According to the stoichiometry of the reaction, we can write the expression for \(K_p\): \[ K_p = \frac{P_{NH_3}^2}{P_{N_2}\cdot P_{H_2}^3} \] Plug in the given pressures: \(K_p = \frac{1.2^2}{2.6 \cdot 5.9^3}\) Solve for \(K_p\): \(K_p \approx 2.63 \times 10^{-4}\)

Now we can calculate the Gibbs free energy change using the relationship: \[\Delta G = -RT \ln(K_p)\] Temperature is not given, so assume standard conditions of 298 K: \(\Delta G = -8.314 \times 298 K \times \ln(2.63 \times 10^{-4})\) Solve for \(\Delta G\): \(\Delta G \approx 3.35 \times 10^4 J/mol\) So, for reaction (a), we have: \(K_p \approx 2.63 \times 10^{-4}\) and \(\Delta G \approx 3.35 \times 10^4 J/mol\) #Reaction (b)# Given: \(P_{N_2 H_4} = P_{NO_2} = 5.0 \times 10^{-2} atm\), \(P_{N_2} = 0.5 atm\), and \(P_{H_2O} = 0.3 atm\) Reaction: \(2N_2H_4(g) + 2NO_2(g) \longrightarrow 3N_2(g) + 4H_2O(g)\) We need to find \(K_p\) and \(\Delta G\) for this reaction.
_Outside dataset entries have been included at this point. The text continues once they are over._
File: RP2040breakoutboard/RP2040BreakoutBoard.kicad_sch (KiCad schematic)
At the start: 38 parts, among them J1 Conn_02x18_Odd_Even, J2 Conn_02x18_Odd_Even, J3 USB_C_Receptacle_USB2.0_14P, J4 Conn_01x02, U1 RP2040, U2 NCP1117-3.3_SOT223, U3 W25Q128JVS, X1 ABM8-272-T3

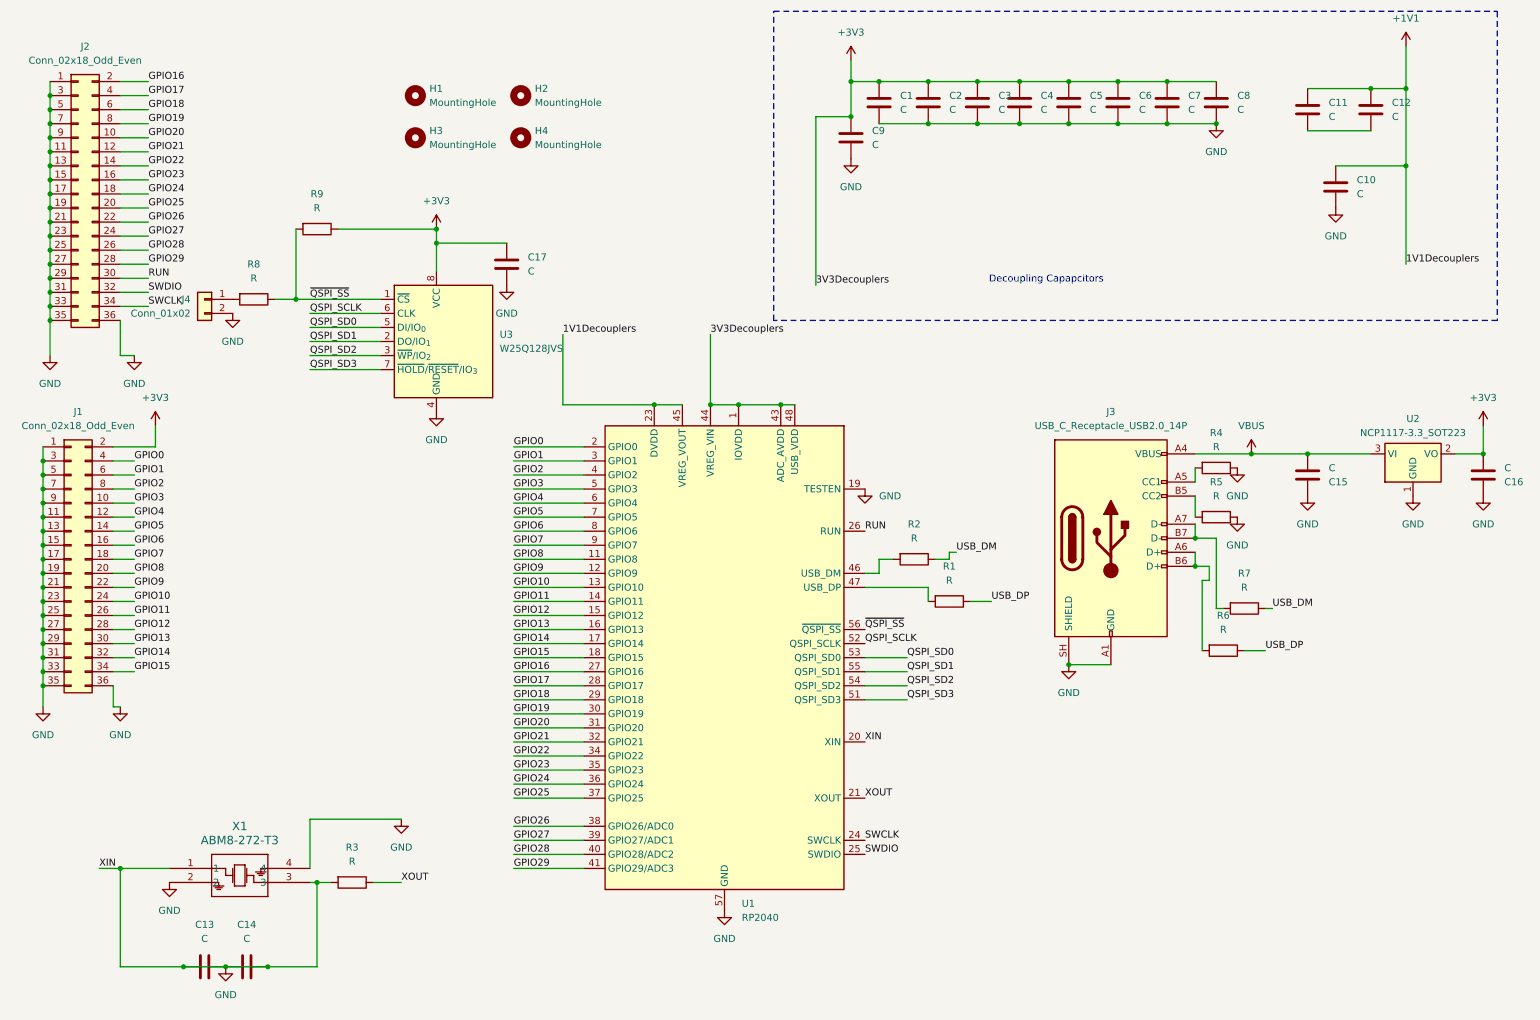
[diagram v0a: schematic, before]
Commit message: Tidied up schematic and assigned footprints
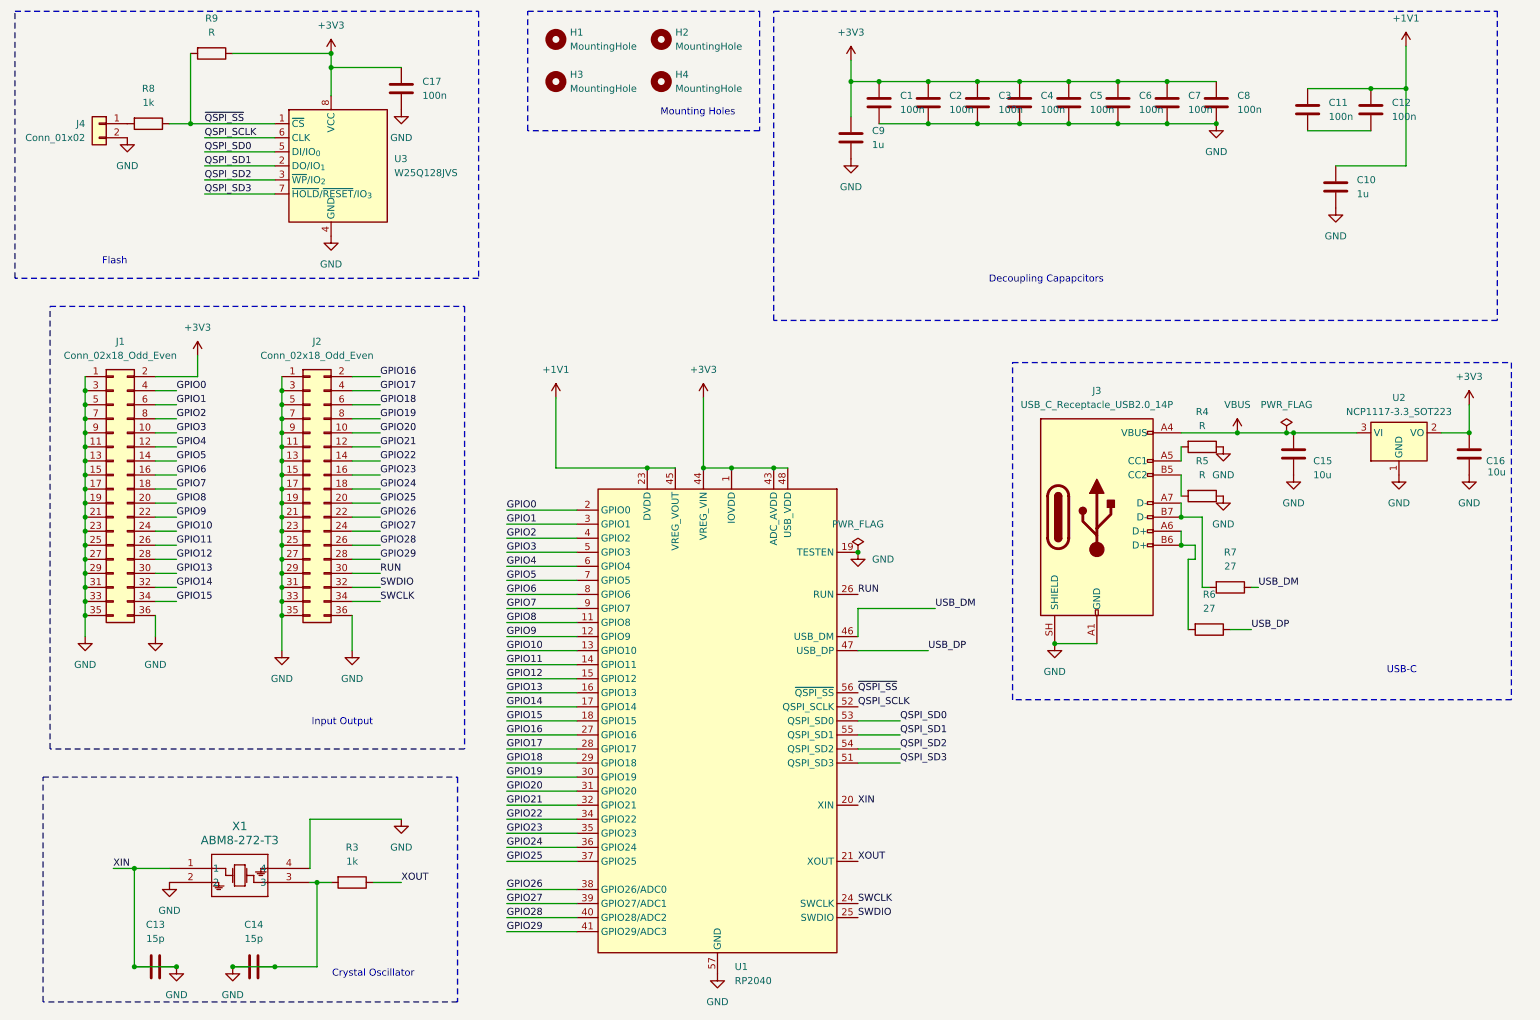
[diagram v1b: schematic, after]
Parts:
- removed R1, R2: R, symbol Device:R
- C1, C11, C12, C17, C2, C3, C4, C5, C6, C7, C8: value C -> 100n; footprint (none) -> Capacitor_SMD:C_0603_1608Metric
- C10, C9: value C -> 1u; footprint (none) -> Capacitor_SMD:C_0603_1608Metric
- C13, C14: value C -> 15p; footprint (none) -> Capacitor_SMD:C_0603_1608Metric
- C15, C16: value C -> 10u; footprint (none) -> Capacitor_SMD:C_0805_2012Metric
- H1, H2, H3, H4: footprint (none) -> MountingHole:MountingHole_3.2mm_M3
- J1, J2: footprint (none) -> Connector_PinHeader_2.54mm:PinHeader_2x18_P2.54mm_Vertical
- J3: footprint (none) -> Connector_USB:USB_C_Receptacle_GCT_USB4105-xx-A_16P_TopMnt_Horizontal
- J4: footprint (none) -> Connector_PinHeader_2.54mm:PinHeader_1x02_P2.54mm_Vertical
- R3, R8: value R -> 1k; footprint (none) -> Resistor_SMD:R_0603_1608Metric
- R4, R5, R9: footprint (none) -> Resistor_SMD:R_0603_1608Metric
- R6, R7: value R -> 27; footprint (none) -> Resistor_SMD:R_0603_1608Metric
- X1: footprint ABM8-272-T3_ABR -> Crystal:Crystal_SMD_3225-4Pin_3.2x2.5mm
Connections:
- net USB_DM: now also U1.46 (USB_DM)
- net USB_DP: now also U1.47 (USB_DP)
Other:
- note added: "Crystal Oscillator"
- note added: "Flash"
- note added: "Input Output"
- note added: "Mounting Holes"
- note added: "USB-C"
- moved on the sheet: C13, C14, C15, C16, C17, H1, H2, H3, H4, J1, J2, J3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

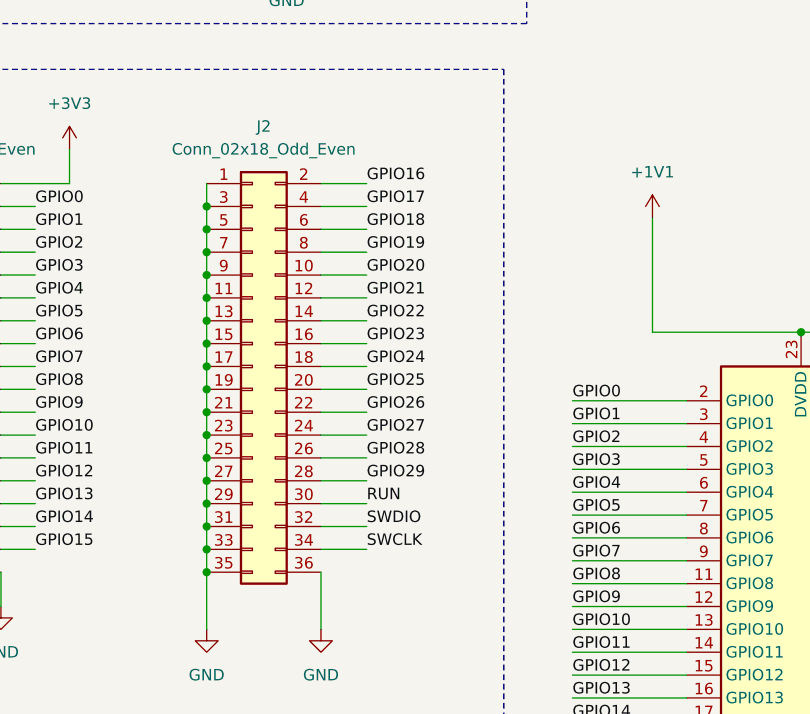
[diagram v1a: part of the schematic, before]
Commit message: Finished Component Placing
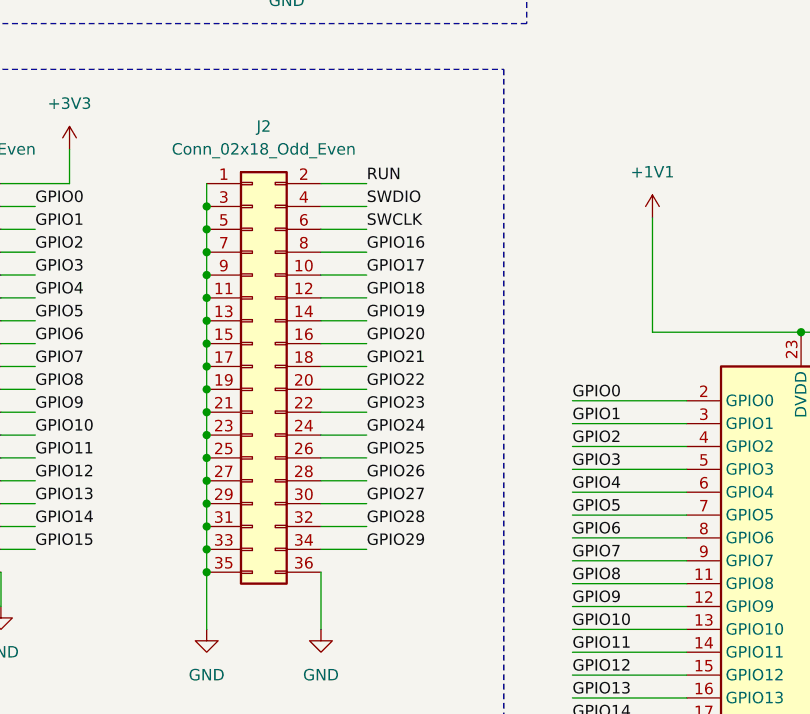
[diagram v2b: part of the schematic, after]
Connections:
- net GPIO16: now also J2.8 (Pin_8); no longer J2.2 (Pin_2)
- net GPIO17: now also J2.10 (Pin_10); no longer J2.4 (Pin_4)
- net GPIO18: now also J2.12 (Pin_12); no longer J2.6 (Pin_6)
- net GPIO19: now also J2.14 (Pin_14); no longer J2.8 (Pin_8)
- net GPIO20: now also J2.16 (Pin_16); no longer J2.10 (Pin_10)
- net GPIO21: now also J2.18 (Pin_18); no longer J2.12 (Pin_12)
- net GPIO22: now also J2.20 (Pin_20); no longer J2.14 (Pin_14)
- net GPIO23: now also J2.22 (Pin_22); no longer J2.16 (Pin_16)
- net GPIO24: now also J2.24 (Pin_24); no longer J2.18 (Pin_18)
- net GPIO25: now also J2.26 (Pin_26); no longer J2.20 (Pin_20)
- net GPIO26: now also J2.28 (Pin_28); no longer J2.22 (Pin_22)
- net GPIO27: now also J2.30 (Pin_30); no longer J2.24 (Pin_24)
- net GPIO28: now also J2.32 (Pin_32); no longer J2.26 (Pin_26)
- net GPIO29: now also J2.34 (Pin_34); no longer J2.28 (Pin_28)
- net RUN: now also J2.2 (Pin_2); no longer J2.30 (Pin_30)
- net SWCLK: now also J2.6 (Pin_6); no longer J2.34 (Pin_34)
- net SWDIO: now also J2.4 (Pin_4); no longer J2.32 (Pin_32)
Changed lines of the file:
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@@
-		)
-	)
-	(label "GPIO18"
-		(at 78.74 85.09 0)
-		(effects
-			(font
-				(size 1.27 1.27)
-			)
-			(justify left bottom)
 		)
 	)
@@
 		)
 	)
-	(label "GPIO19"
-		(at 78.74 87.63 0)
-		(effects
-			(font
-				(size 1.27 1.27)
-			)
-			(justify left bottom)
-		)
-	)
 	(label "QSPI_SCLK"
 		(at 165.1 139.7 0)
@@
 		)
 	)
-	(label "GPIO29"
-		(at 78.74 113.03 0)
-		(effects
-			(font
-				(size 1.27 1.27)
-			)
-			(justify left bottom)
-		)
-	)
-	(label "GPIO17"
-		(at 78.74 82.55 0)
-		(effects
-			(font
-				(size 1.27 1.27)
-			)
-			(justify left bottom)
-		)
-	)
 	(label "GPIO2"
 		(at 101.6 109.22 0)
@@
 		)
 	)
-	(label "GPIO28"
-		(at 78.74 110.49 0)
-		(effects
-			(font
-				(size 1.27 1.27)
-			)
-			(justify left bottom)
-		)
-	)
 	(label "GPIO7"
 		(at 101.6 121.92 0)
@@
 		)
 	)
+	(label "GPIO21"
+		(at 78.74 100.33 0)
+		(effects
+			(font
+				(size 1.27 1.27)
+			)
+			(justify left bottom)
+		)
+	)
+	(label "GPIO26"
+		(at 78.74 113.03 0)
+		(effects
+			(font
+				(size 1.27 1.27)
+			)
+			(justify left bottom)
+		)
+	)
 	(label "RUN"
 		(at 165.1 119.38 0)
@@
 		)
 	)
-	(label "GPIO16"
-		(at 78.74 80.01 0)
+	(label "GPIO27"
+		(at 78.74 115.57 0)
 		(effects
 			(font
@@
 		)
 	)
+	(label "GPIO18"
+		(at 78.74 92.71 0)
+		(effects
+			(font
+				(size 1.27 1.27)
+			)
+			(justify left bottom)
+		)
+	)
 	(label "USB_DM"
 		(at 237.49 118.11 0)
@@
 		)
 	)
+	(label "GPIO24"
+		(at 78.74 107.95 0)
+		(effects
+			(font
+				(size 1.27 1.27)
+			)
+			(justify left bottom)
+		)
+	)
 	(label "GPIO5"
 		(at 41.91 95.25 0)
@@
 		)
 	)
-	(label "GPIO26"
+	(label "GPIO23"
 		(at 78.74 105.41 0)
 		(effects
@@
 		)
 	)
-	(label "SWDIO"
-		(at 78.74 118.11 0)
-		(effects
-			(font
-				(size 1.27 1.27)
-			)
-			(justify left bottom)
-		)
-	)
 	(label "GPIO7"
 		(at 41.91 100.33 0)
@@
 		)
 	)
+	(label "GPIO22"
+		(at 78.74 102.87 0)
+		(effects
+			(font
+				(size 1.27 1.27)
+			)
+			(justify left bottom)
+		)
+	)
 	(label "GPIO13"
 		(at 41.91 115.57 0)
@@
 		)
 	)
-	(label "GPIO27"
-		(at 78.74 107.95 0)
-		(effects
-			(font
-				(size 1.27 1.27)
-			)
-			(justify left bottom)
-		)
-	)
 	(label "QSPI_SD2"
 		(at 172.72 147.32 0)
@@
 		)
 	)
-	(label "GPIO22"
-		(at 78.74 95.25 0)
-		(effects
-			(font
-				(size 1.27 1.27)
-			)
-			(justify left bottom)
-		)
-	)
 	(label "QSPI_SD2"
 		(at 46.99 44.45 0)
@@
 		)
 	)
-	(label "GPIO24"
-		(at 78.74 100.33 0)
-		(effects
-			(font
-				(size 1.27 1.27)
-			)
-			(justify left bottom)
-		)
-	)
 	(label "GPIO28"
 		(at 101.6 177.8 0)
@@
 		)
 	)
+	(label "GPIO25"
+		(at 78.74 110.49 0)
+		(effects
+			(font
+				(size 1.27 1.27)
+			)
+			(justify left bottom)
+		)
+	)
 	(label "XOUT"
 		(at 165.1 167.64 0)
@@
 		)
 	)
-	(label "GPIO23"
-		(at 78.74 97.79 0)
-		(effects
-			(font
-				(size 1.27 1.27)
-			)
-			(justify left bottom)
-		)
-	)
-	(label "GPIO25"
-		(at 78.74 102.87 0)
-		(effects
-			(font
-				(size 1.27 1.27)
-			)
-			(justify left bottom)
-		)
-	)
 	(label "XIN"
 		(at 30.48 168.91 0)
@@
 		)
 	)
+	(label "SWCLK"
+		(at 78.74 85.09 0)
+		(effects
+			(font
+				(size 1.27 1.27)
+			)
+			(justify left bottom)
+		)
+	)
 	(label "GPIO4"
 		(at 41.91 92.71 0)
@@
 		)
 	)
-	(label "RUN"
-		(at 78.74 115.57 0)
+	(label "GPIO29"
+		(at 78.74 120.65 0)
 		(effects
 			(font
@@
 		)
 	)
+	(label "GPIO16"
+		(at 78.74 87.63 0)
+		(effects
+			(font
+				(size 1.27 1.27)
+			)
+			(justify left bottom)
+		)
+	)
+	(label "GPIO28"
+		(at 78.74 118.11 0)
+		(effects
+			(font
+				(size 1.27 1.27)
+			)
+			(justify left bottom)
+		)
+	)
+	(label "GPIO17"
+		(at 78.74 90.17 0)
+		(effects
+			(font
+				(size 1.27 1.27)
+			)
+			(justify left bottom)
+		)
+	)
+	(label "GPIO19"
+		(at 78.74 95.25 0)
+		(effects
+			(font
+				(size 1.27 1.27)
+			)
+			(justify left bottom)
+		)
+	)
 	(label "GPIO27"
 		(at 101.6 175.26 0)
@@
 		)
 	)
+	(label "RUN"
+		(at 78.74 80.01 0)
+		(effects
+			(font
+				(size 1.27 1.27)
+			)
+			(justify left bottom)
+		)
+	)
 	(label "GPIO23"
 		(at 101.6 162.56 0)
@@
 		)
 	)
-	(label "GPIO21"
-		(at 78.74 92.71 0)
-		(effects
-			(font
-				(size 1.27 1.27)
-			)
-			(justify left bottom)
-		)
-	)
 	(label "GPIO1"
 		(at 41.91 85.09 0)
@@
 		)
 	)
+	(label "GPIO20"
+		(at 78.74 97.79 0)
+		(effects
+			(font
+				(size 1.27 1.27)
+			)
+			(justify left bottom)
+		)
+	)
 	(label "GPIO12"
 		(at 101.6 134.62 0)
@@
 		)
 	)
+	(label "SWDIO"
+		(at 78.74 82.55 0)
+		(effects
+			(font
+				(size 1.27 1.27)
+			)
+			(justify left bottom)
+		)
+	)
 	(label "GPIO5"
 		(at 101.6 116.84 0)
@@
 		)
 	)
-	(label "GPIO20"
-		(at 78.74 90.17 0)
-		(effects
-			(font
-				(size 1.27 1.27)
-			)
-			(justify left bottom)
-		)
-	)
 	(label "GPIO6"
 		(at 41.91 97.79 0)
 		(effects
 			(font
-				(size 1.27 1.27)
-			)
-			(justify left bottom)
-		)
-	)
-	(label "SWCLK"
-		(at 78.74 120.65 0)
-		(effects
-			(font

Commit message: Fixed Schematic
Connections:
- net +1V1: now also C11.2, C12.2
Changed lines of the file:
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@@
+	)
+	(junction
+		(at 257.81 35.56)
+		(diameter 0)
+		(color 0 0 0 0)
 	)
 	(junction
@@
 		(color 0 0 0 0)
 	)
+	(junction
+		(at 264.16 35.56)
+		(diameter 0)
+		(color 0 0 0 0)
+	)
 	(wire
 		(pts
@@
 	(wire
 		(pts
+			(xy 257.81 35.56) (xy 264.16 35.56)
+		)
+		(stroke
+			(width 0)
+			(type default)
+		)
+	)
+	(wire
+		(pts
 			(xy 227.33 105.41) (xy 223.52 105.41)
 		)
@@
 	(wire
 		(pts
+			(xy 264.16 35.56) (xy 264.16 27.94)
+		)
+		(stroke
+			(width 0)
+			(type default)
+		)
+	)
+	(wire
+		(pts
 			(xy 52.07 186.69) (xy 59.69 186.69)
 		)
@@
 	(wire
 		(pts
-			(xy 264.16 41.91) (xy 264.16 27.94)
-		)
-		(stroke
+			(xy 264.16 41.91) (xy 264.16 35.56)
+		)
+		(stroke

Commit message: Routed
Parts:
- removed R3: 1k, Resistor_SMD:R_0603_1608Metric, symbol Device:R
- removed X1: ABM8-272-T3, Crystal:Crystal_SMD_3225-4Pin_3.2x2.5mm, symbol ABM8-272-T3:ABM8-272-T3
- added Y2: Crystal_GND24, Crystal:Crystal_SMD_3225-4Pin_3.2x2.5mm, symbol Device:Crystal_GND24
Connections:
- net +1V1: no longer C11.2, C12.2
- net GND: now also C11.2, C12.2, Y2.2 (G), Y2.4 (G); no longer C13.2, C14.1, U1.20 (XIN)
- net RUN: now also J2.6 (Pin_6); no longer J2.2 (Pin_2)
- net SWCLK: now also J2.2 (Pin_2); no longer J2.6 (Pin_6)
- net XOUT: now also C14.1, Y2.3
- net USB_DM renamed USB_N
- net USB_DP renamed USB_P
- new net XIN: C13.2, U1.20 (XIN), Y2.1
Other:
- moved on the sheet: C10, C11, C12, C13, C14, C9

Repeat steps 1 and 2 as explained for reaction (a). The resulting values are: \(K_p \approx 2.58 \times 10^{-6}\) and \(\Delta G \approx 3.49 \times 10^4 J/mol\) #Reaction (c)# Given: \(P_{N_2 H_4} = 0.5 atm\), \(P_{N_2} = 1.5 atm\), and \(P_{H_2} = 2.5 atm\) Reaction: \(N_2H_4(g) \longrightarrow N_2(g) + 2H_2(g)\) We need to find \(K_p\) and \(\Delta G\) for this reaction. Repeat steps 1 and 2, as explained for reaction (a). The resulting values are: \(K_p \approx 0.0376\) and \(\Delta G \approx -4.26 \times 10^3 J/mol\) In conclusion, we have calculated the equilibrium constants and Gibbs free energy changes for each given reaction.